Data for this exercise below:
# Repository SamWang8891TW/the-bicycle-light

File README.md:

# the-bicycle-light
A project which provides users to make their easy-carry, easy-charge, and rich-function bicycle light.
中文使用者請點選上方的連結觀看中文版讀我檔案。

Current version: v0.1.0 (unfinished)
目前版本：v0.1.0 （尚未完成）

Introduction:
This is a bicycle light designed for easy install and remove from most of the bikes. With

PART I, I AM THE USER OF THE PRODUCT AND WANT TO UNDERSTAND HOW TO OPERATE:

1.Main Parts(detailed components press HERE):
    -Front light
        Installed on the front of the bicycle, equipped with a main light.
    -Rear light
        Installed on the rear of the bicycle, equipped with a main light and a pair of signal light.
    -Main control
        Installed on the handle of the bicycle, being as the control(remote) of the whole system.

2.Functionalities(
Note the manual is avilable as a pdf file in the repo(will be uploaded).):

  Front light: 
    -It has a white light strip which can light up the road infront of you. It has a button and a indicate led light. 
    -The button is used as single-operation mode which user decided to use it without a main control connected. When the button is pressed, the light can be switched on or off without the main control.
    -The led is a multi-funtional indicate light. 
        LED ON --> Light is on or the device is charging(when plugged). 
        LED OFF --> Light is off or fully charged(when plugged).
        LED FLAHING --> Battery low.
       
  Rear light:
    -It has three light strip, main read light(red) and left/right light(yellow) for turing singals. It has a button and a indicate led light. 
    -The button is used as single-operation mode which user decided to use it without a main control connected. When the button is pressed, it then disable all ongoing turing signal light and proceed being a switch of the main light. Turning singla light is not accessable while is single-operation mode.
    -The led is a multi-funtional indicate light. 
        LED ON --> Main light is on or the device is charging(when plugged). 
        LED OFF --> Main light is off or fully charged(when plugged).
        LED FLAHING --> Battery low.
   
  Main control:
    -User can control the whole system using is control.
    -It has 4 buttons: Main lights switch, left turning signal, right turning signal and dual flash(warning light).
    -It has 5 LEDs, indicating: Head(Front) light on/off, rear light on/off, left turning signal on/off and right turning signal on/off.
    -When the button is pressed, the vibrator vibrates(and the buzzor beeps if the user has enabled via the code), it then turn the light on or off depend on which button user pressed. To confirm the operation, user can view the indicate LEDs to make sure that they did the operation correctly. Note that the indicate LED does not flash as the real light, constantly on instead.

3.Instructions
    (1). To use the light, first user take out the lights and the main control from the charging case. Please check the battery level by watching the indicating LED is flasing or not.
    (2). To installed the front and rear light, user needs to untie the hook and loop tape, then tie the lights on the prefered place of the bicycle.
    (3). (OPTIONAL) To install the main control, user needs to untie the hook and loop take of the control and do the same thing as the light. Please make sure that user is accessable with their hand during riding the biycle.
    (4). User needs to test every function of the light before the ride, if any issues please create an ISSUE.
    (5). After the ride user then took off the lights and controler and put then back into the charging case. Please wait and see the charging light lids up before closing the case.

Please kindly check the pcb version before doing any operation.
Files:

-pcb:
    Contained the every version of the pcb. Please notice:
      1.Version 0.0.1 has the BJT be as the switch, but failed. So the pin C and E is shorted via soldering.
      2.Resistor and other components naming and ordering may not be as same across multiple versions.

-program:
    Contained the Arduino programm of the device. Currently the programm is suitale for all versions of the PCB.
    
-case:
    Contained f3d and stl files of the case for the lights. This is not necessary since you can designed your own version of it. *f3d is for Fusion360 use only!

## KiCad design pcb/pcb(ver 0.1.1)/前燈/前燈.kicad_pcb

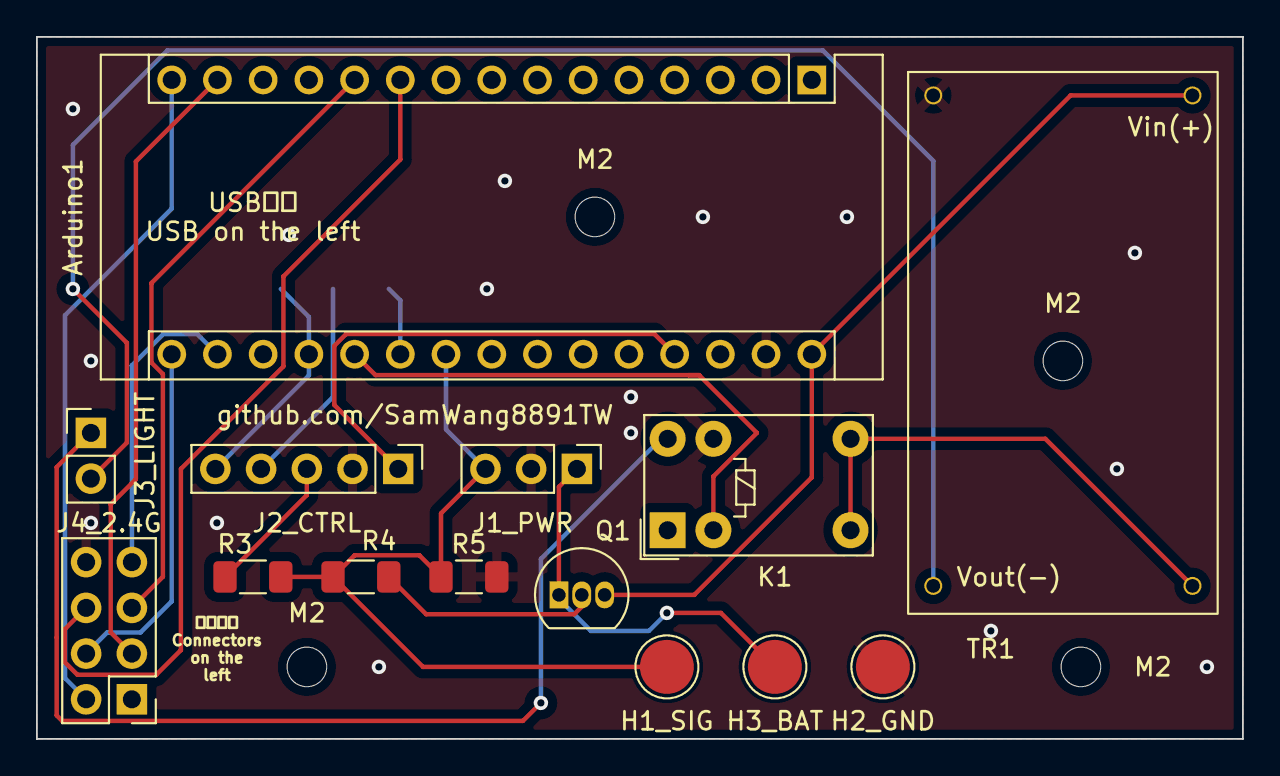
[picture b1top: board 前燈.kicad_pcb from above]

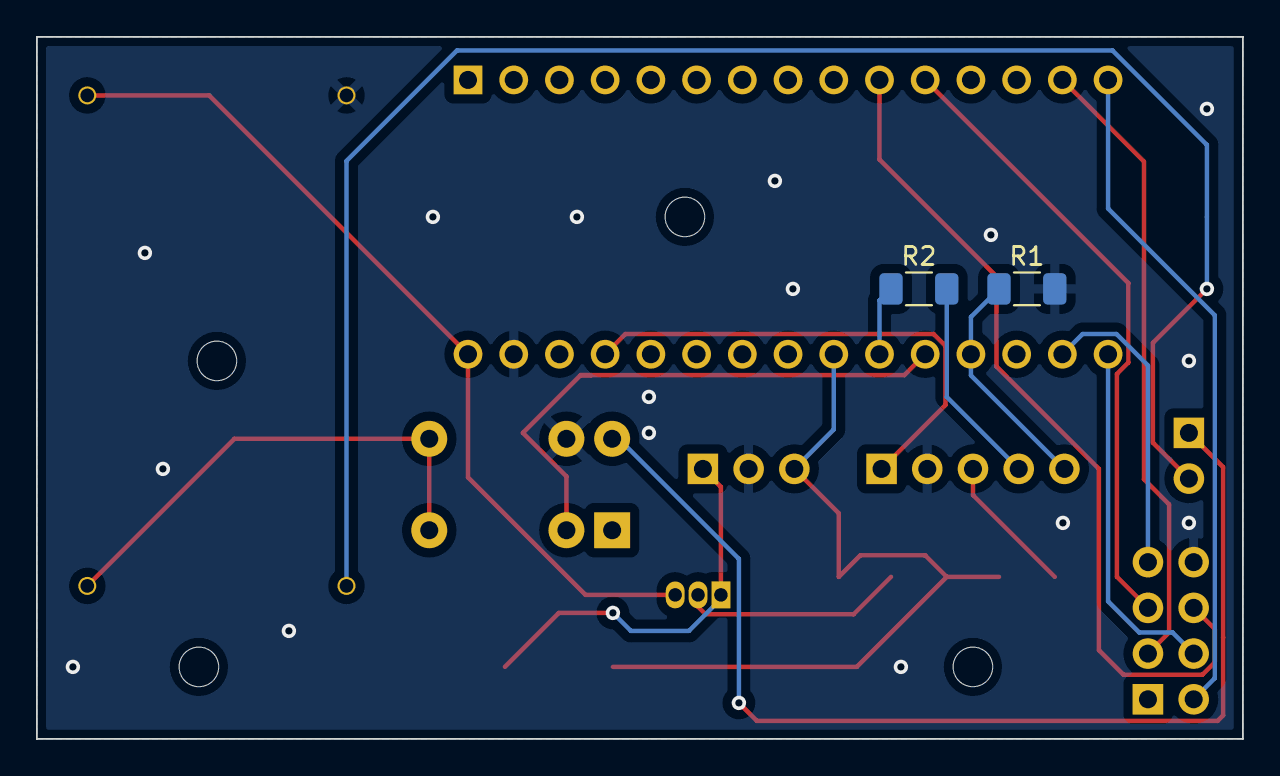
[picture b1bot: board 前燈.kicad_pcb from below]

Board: 2 copper layers, 67.0 x 39.0 mm, 20 parts (2 on the bottom side), 20 nets.

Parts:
Arduino1: Arduino_Nano
H1_SIG: SIG; TestPoint_Pad_D3.0mm
H2_GND: GND; TestPoint_Pad_D3.0mm
H3_BAT: BAT; TestPoint_Pad_D3.0mm
J1_PWR: PowerCONN; PinHeader_1x03_P2.54mm_Vertical
J2_CTRL: CtrlCONN; PinHeader_1x05_P2.54mm_Vertical
J3_LIGHT: LightCONN; PinHeader_1x02_P2.54mm_Vertical
J4_2.4G: 2.4G_CONN; PinHeader_2x04_P2.54mm_Vertical
K1: G5V-1; Relay_SPDT_Omron_G5V-1
M2, M2#2, M2#3, M2#4: MountingHole_2.2mm_M2
Q1: 2N4355; TO-92_Inline
R1, R2, R3: 330Ω; R_1206_3216Metric_Pad1.30x1.75mm_HandSolder
R4: 100kΩ; R_1206_3216Metric_Pad1.30x1.75mm_HandSolder
R5: 20kΩ; R_1206_3216Metric_Pad1.30x1.75mm_HandSolder
TR1: Micro3608_1166A_MicroUSB_Module

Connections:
Earth: Arduino1.29 (GND), H2_GND.1, J1_PWR.2 (Ground), J2_CTRL.2, J4_2.4G.8 (GND), K1.9, R1.2, R5.2, TR1.1 (Vin(-))
unnamed: Arduino1.10 (D7), J4_2.4G.6 (CE)
unnamed: Arduino1.11 (D8), J4_2.4G.5 (CSN)
unnamed: Arduino1.14 (D11(MOSI)), J4_2.4G.3 (MOSI)
unnamed: Arduino1.15 (D12(MISO)), J4_2.4G.2 (MISO)
unnamed: Arduino1.16 (D13), J4_2.4G.4 (SCLK)
unnamed: Arduino1.17 (3V3), J4_2.4G.7 (VCC)
unnamed: Arduino1.19 (A0), J2_CTRL.5, R1.1
unnamed: Arduino1.20 (A1), K1.2
unnamed: Arduino1.21 (A2), R2.1
unnamed: Arduino1.27 (5V), J2_CTRL.1
unnamed: H3_BAT.1, J1_PWR.1 (Power), Q1.1 (E)
unnamed: J2_CTRL.3, R3.1
unnamed: J2_CTRL.4, R2.2
unnamed: J3_LIGHT.1, K1.10
unnamed: J3_LIGHT.2, TR1.3 (Out(-))
unnamed: K1.5, K1.6, TR1.4 (Out(+))
unnamed: Q1.2 (B), R4.1
SIG: Arduino1.22 (A3), H1_SIG.1, J1_PWR.3 (Charging_Signal), R3.2, R4.2, R5.1
VIN: Arduino1.30 (VIN), Q1.3 (C), TR1.2 (Vin(+))

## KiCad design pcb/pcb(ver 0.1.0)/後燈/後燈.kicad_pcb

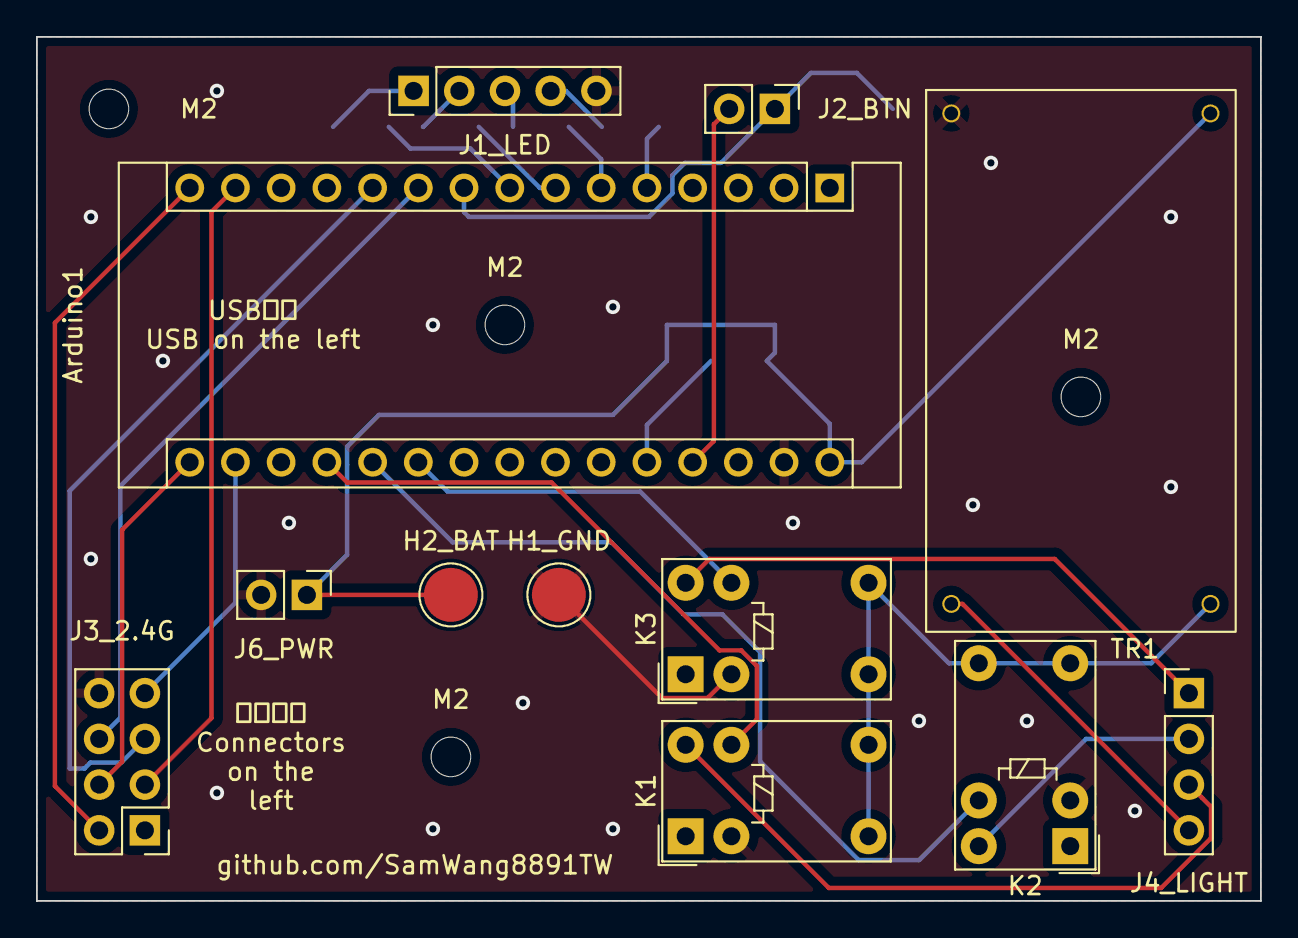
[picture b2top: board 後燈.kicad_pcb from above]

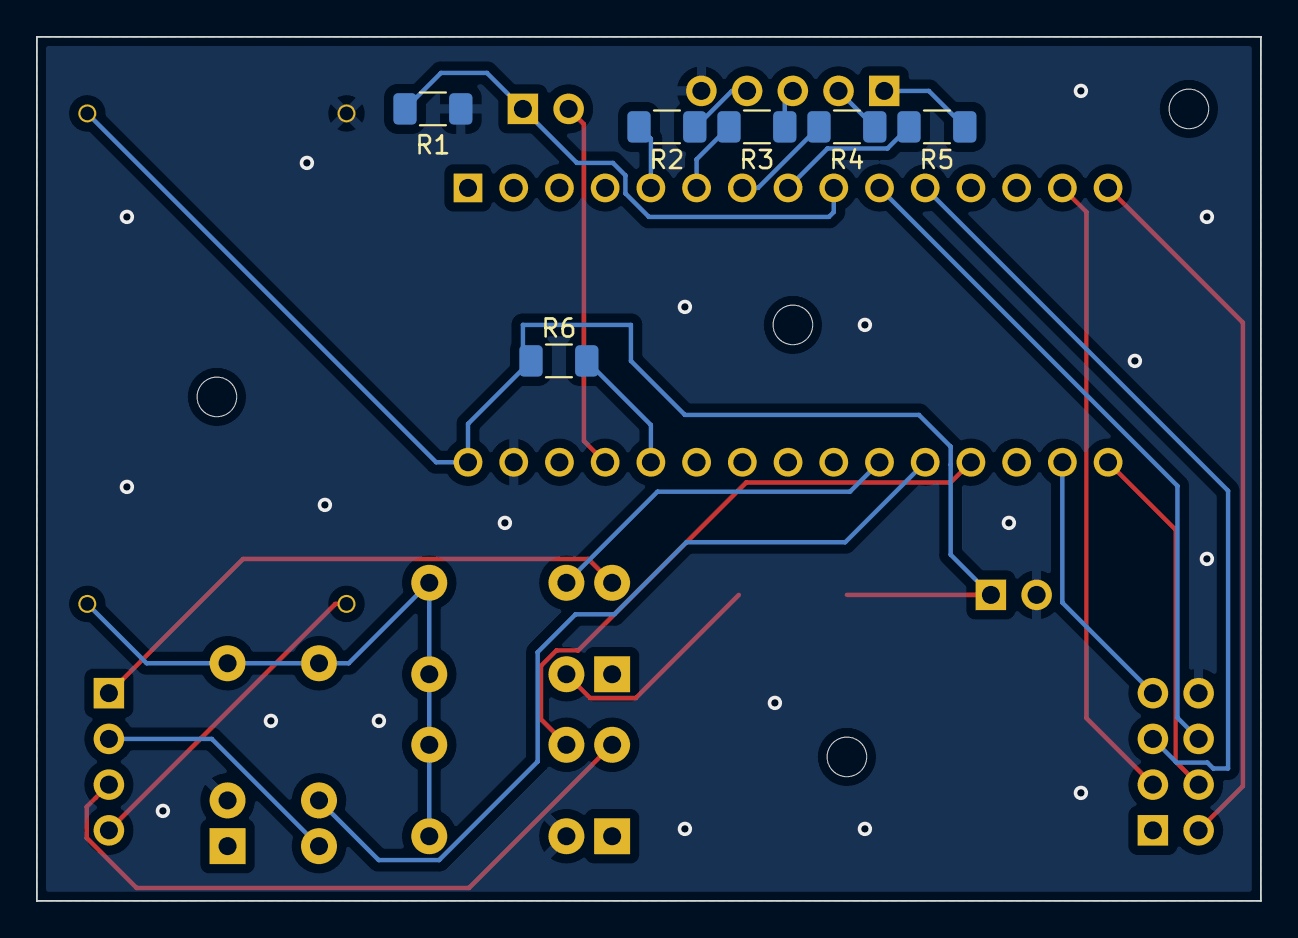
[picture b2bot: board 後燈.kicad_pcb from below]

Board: 2 copper layers, 68.0 x 48.0 mm, 22 parts (6 on the bottom side), 27 nets.

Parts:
Arduino1: Arduino_Nano
H1_GND: GND; TestPoint_Pad_D3.0mm
H2_BAT: BAT; TestPoint_Pad_D3.0mm
J1_LED: LedCONN; PinHeader_1x05_P2.54mm_Vertical
J2_BTN: BtnCONN; PinHeader_1x02_P2.54mm_Vertical
J3_2.4G: 2.4G_CONN; PinHeader_2x04_P2.54mm_Vertical
J4_LIGHT: LightCONN; PinHeader_1x04_P2.54mm_Vertical
J6_PWR: PWRConn; PinHeader_1x02_P2.54mm_Vertical
K1, K2, K3: G5V-1; Relay_SPDT_Omron_G5V-1
M2, M2#2, M2#3, M2#4: MountingHole_2.2mm_M2
R1, R2, R3, R4, R5: 330Ω; R_1206_3216Metric_Pad1.30x1.75mm_HandSolder
R6: 500kΩ; R_1206_3216Metric_Pad1.30x1.75mm_HandSolder
TR1: Micro3608_1166A_MicroUSB_Module

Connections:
5V: Arduino1.27 (5V), J2_BTN.2
Earth: Arduino1.29 (GND), H1_GND.1, J1_LED.5, J3_2.4G.8 (GND), J6_PWR.2, K1.2, K2.2, K3.2, R1.2, TR1.1 (Vin(-))
unnamed: Arduino1.5 (D2), R2.2
unnamed: Arduino1.6 (D3), R3.2
unnamed: Arduino1.7 (D4), R4.2
unnamed: Arduino1.8 (D5), R5.2
unnamed: Arduino1.9 (D6), J2_BTN.1, R1.1
unnamed: Arduino1.10 (D7), J3_2.4G.6 (CE)
unnamed: Arduino1.11 (D8), J3_2.4G.5 (CSN)
unnamed: Arduino1.14 (D11(MOSI)), J3_2.4G.3 (MOSI)
unnamed: Arduino1.15 (D12(MISO)), J3_2.4G.2 (MISO)
unnamed: Arduino1.16 (D13), J3_2.4G.4 (SCLK)
unnamed: Arduino1.17 (3V3), J3_2.4G.7 (VCC)
unnamed: Arduino1.19 (A0), K1.9
unnamed: Arduino1.20 (A1), K2.9
unnamed: Arduino1.21 (A2), K3.9
unnamed: Arduino1.26 (A7), R6.2
unnamed: J1_LED.1, R5.1
unnamed: J1_LED.2, R4.1
unnamed: J1_LED.3, R3.1
unnamed: J1_LED.4, R2.1
unnamed: J4_LIGHT.1, K3.10
unnamed: J4_LIGHT.2, K2.10
unnamed: J4_LIGHT.3, K1.10
unnamed: J4_LIGHT.4, TR1.3 (Out(-))
unnamed: K1.5, K1.6, K2.5, K2.6, K3.5, K3.6, TR1.4 (Out(+))
VIN: Arduino1.30 (VIN), H2_BAT.1, J6_PWR.1, R6.1, TR1.2 (Vin(+))

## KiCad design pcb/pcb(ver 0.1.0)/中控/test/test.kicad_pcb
End of Data for this exercise.
* **Task statement**
When a line in the material above includes the word "SCLK", copy that line.

* **The completed task**
unnamed: Arduino1.16 (D13), J4_2.4G.4 (SCLK)
unnamed: Arduino1.16 (D13), J3_2.4G.4 (SCLK)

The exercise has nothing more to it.